EXTRACTED INFORMATION:
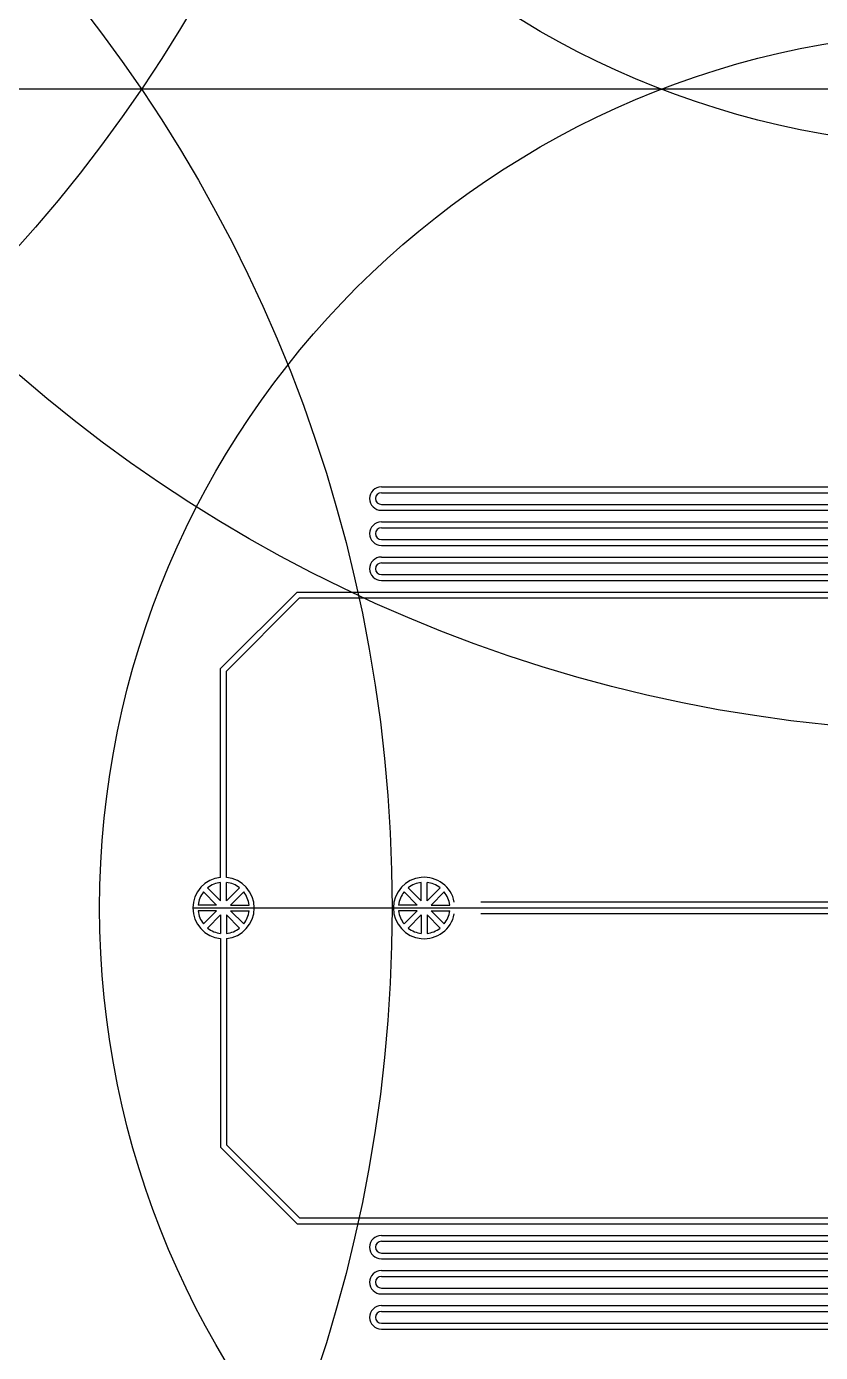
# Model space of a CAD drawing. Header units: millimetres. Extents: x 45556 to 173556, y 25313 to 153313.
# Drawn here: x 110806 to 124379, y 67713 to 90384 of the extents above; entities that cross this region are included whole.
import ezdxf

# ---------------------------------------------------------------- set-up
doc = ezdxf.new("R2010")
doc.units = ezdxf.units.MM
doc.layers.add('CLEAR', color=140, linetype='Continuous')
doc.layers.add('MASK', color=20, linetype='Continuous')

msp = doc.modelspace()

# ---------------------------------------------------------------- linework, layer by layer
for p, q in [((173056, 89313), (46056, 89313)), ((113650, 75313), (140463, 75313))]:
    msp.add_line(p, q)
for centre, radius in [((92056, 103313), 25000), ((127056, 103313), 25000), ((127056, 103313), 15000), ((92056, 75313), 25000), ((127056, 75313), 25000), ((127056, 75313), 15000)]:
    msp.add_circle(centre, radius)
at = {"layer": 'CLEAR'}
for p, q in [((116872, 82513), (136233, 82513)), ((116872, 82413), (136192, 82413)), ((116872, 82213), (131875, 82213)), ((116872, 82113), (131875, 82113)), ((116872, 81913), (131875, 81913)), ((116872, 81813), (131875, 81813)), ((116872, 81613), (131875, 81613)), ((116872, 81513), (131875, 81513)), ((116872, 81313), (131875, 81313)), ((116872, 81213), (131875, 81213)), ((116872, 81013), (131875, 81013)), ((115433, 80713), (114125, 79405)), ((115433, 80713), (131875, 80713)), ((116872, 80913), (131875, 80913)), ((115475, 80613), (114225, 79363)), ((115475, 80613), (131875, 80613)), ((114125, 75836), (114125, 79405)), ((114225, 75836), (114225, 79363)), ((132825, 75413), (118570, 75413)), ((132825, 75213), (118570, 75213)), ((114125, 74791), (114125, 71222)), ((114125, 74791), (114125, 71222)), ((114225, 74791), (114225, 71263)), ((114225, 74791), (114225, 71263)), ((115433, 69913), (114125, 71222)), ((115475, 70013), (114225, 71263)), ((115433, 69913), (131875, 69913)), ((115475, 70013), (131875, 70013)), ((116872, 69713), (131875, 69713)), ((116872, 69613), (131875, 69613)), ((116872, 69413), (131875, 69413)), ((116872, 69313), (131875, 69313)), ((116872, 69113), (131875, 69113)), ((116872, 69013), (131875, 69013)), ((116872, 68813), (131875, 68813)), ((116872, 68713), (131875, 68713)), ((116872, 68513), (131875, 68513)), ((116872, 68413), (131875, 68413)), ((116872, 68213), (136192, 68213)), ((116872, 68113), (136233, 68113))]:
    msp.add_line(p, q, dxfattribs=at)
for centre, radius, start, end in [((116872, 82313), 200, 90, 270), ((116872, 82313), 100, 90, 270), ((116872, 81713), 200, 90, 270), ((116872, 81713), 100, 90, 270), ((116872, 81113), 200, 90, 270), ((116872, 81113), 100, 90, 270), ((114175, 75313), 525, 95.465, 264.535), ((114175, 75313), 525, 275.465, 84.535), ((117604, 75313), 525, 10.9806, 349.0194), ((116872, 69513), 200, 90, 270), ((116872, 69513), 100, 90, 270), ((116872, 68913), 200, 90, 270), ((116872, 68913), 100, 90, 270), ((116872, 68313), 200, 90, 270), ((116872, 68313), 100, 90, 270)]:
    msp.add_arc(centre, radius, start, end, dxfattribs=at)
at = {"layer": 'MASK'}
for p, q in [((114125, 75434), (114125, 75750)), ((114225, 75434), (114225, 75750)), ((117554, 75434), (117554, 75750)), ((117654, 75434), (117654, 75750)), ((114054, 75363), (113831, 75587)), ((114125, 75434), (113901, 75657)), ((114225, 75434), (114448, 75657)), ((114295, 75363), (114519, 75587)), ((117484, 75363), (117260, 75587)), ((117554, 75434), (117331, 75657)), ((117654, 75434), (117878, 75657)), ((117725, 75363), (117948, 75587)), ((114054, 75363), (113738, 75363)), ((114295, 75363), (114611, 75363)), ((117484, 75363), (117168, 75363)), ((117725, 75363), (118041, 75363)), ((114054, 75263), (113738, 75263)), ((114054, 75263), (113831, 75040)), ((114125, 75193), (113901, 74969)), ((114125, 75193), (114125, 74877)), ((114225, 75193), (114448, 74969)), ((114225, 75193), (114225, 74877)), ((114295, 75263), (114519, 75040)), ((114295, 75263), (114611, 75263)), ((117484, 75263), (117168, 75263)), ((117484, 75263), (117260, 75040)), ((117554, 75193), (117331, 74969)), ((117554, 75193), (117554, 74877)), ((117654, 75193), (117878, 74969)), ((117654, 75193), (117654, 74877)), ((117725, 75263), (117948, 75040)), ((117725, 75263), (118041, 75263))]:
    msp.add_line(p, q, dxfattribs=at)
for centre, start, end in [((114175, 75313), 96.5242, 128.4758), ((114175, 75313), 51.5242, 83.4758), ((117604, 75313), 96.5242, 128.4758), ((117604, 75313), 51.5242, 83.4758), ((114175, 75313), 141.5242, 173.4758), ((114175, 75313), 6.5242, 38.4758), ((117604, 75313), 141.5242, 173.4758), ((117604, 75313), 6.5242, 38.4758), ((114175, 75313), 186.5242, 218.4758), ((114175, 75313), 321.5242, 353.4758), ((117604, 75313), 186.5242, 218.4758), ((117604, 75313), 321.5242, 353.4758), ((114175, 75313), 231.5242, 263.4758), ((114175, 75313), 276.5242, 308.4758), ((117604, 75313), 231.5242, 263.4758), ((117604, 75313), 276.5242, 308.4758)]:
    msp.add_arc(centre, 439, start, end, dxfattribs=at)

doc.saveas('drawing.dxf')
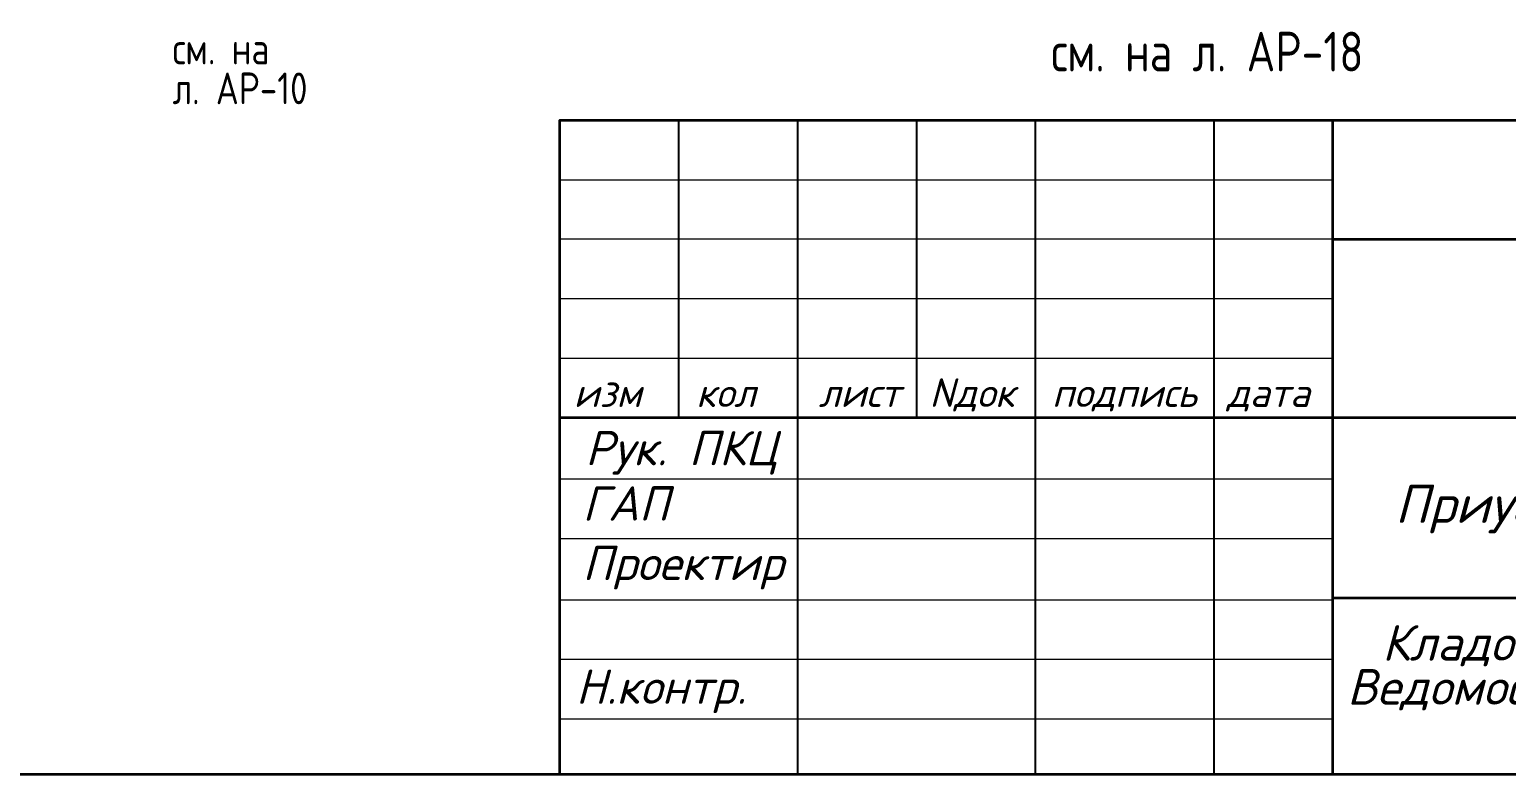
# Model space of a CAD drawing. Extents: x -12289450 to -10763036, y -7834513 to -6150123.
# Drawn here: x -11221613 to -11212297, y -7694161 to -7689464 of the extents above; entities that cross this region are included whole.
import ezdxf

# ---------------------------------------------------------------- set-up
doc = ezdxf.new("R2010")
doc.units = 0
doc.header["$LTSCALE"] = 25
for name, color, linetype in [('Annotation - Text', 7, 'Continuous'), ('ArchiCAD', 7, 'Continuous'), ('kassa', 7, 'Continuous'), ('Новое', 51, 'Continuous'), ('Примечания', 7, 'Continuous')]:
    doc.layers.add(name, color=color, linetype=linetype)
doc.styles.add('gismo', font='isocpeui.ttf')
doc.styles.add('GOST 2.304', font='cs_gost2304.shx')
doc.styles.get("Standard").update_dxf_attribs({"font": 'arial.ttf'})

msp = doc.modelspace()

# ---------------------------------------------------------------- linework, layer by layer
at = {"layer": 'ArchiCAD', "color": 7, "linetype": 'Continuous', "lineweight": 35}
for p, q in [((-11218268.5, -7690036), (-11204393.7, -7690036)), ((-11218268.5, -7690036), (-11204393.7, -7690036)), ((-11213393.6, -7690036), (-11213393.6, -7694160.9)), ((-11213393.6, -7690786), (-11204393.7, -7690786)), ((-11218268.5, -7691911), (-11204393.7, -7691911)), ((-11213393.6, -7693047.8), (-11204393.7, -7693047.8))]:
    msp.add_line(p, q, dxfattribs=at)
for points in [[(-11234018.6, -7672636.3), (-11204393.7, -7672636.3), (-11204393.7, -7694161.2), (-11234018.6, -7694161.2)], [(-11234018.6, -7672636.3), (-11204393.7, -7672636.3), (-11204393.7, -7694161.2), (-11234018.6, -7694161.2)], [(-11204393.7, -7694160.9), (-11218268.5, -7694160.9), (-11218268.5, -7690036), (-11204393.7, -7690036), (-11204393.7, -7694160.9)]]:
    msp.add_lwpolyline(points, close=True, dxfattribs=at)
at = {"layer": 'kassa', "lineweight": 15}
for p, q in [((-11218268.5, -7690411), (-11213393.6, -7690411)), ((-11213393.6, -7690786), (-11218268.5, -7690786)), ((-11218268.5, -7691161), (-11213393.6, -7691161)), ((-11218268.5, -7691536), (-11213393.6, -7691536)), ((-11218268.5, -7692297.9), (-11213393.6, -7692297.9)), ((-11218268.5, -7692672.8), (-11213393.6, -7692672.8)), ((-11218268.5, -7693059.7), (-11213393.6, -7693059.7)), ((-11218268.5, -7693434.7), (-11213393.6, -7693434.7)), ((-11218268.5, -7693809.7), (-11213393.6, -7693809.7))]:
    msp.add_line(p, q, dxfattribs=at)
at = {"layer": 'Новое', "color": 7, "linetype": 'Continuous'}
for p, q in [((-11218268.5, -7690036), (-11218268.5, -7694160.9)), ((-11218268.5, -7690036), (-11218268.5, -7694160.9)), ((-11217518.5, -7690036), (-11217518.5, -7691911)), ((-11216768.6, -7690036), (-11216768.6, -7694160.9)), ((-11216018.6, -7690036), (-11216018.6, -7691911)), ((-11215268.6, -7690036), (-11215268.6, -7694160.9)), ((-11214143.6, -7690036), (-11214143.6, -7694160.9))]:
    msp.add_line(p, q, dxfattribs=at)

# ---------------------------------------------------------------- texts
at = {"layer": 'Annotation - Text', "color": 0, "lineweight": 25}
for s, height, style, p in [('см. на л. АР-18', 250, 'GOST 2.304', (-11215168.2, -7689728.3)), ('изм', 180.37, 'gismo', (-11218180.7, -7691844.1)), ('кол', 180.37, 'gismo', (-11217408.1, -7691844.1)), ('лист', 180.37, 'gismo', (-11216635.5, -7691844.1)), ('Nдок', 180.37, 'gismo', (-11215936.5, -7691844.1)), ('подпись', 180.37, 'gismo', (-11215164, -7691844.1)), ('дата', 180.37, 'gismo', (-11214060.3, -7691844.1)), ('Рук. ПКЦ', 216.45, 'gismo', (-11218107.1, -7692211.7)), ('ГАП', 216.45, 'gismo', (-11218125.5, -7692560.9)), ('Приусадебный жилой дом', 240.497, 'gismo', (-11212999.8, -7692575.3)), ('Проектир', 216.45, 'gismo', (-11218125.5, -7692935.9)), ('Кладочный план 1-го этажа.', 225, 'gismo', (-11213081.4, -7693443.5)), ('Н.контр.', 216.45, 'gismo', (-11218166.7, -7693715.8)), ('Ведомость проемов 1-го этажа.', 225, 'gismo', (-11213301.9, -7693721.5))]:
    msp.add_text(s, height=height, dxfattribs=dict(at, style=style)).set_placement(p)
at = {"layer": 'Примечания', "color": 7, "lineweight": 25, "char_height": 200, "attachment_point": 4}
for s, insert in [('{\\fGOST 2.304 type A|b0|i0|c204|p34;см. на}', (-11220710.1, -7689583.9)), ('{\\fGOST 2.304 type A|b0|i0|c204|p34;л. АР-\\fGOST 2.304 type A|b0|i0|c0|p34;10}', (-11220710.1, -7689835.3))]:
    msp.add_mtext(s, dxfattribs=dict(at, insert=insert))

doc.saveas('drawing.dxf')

PROBLEM TO SOLVE: Both ends included, copy word for word the lines from the top of the entries above through the line with "doc.layers.add('CLEAR', color=140, linetype='Continuous')". No pictures.

EXERCISE RESULT:
# Model space of a CAD drawing. Header units: millimetres. Extents: x 45556 to 173556, y 25313 to 153313.
# Drawn here: x 110806 to 124379, y 67713 to 90384 of the extents above; entities that cross this region are included whole.
import ezdxf

# ---------------------------------------------------------------- set-up
doc = ezdxf.new("R2010")
doc.units = ezdxf.units.MM
doc.layers.add('CLEAR', color=140, linetype='Continuous')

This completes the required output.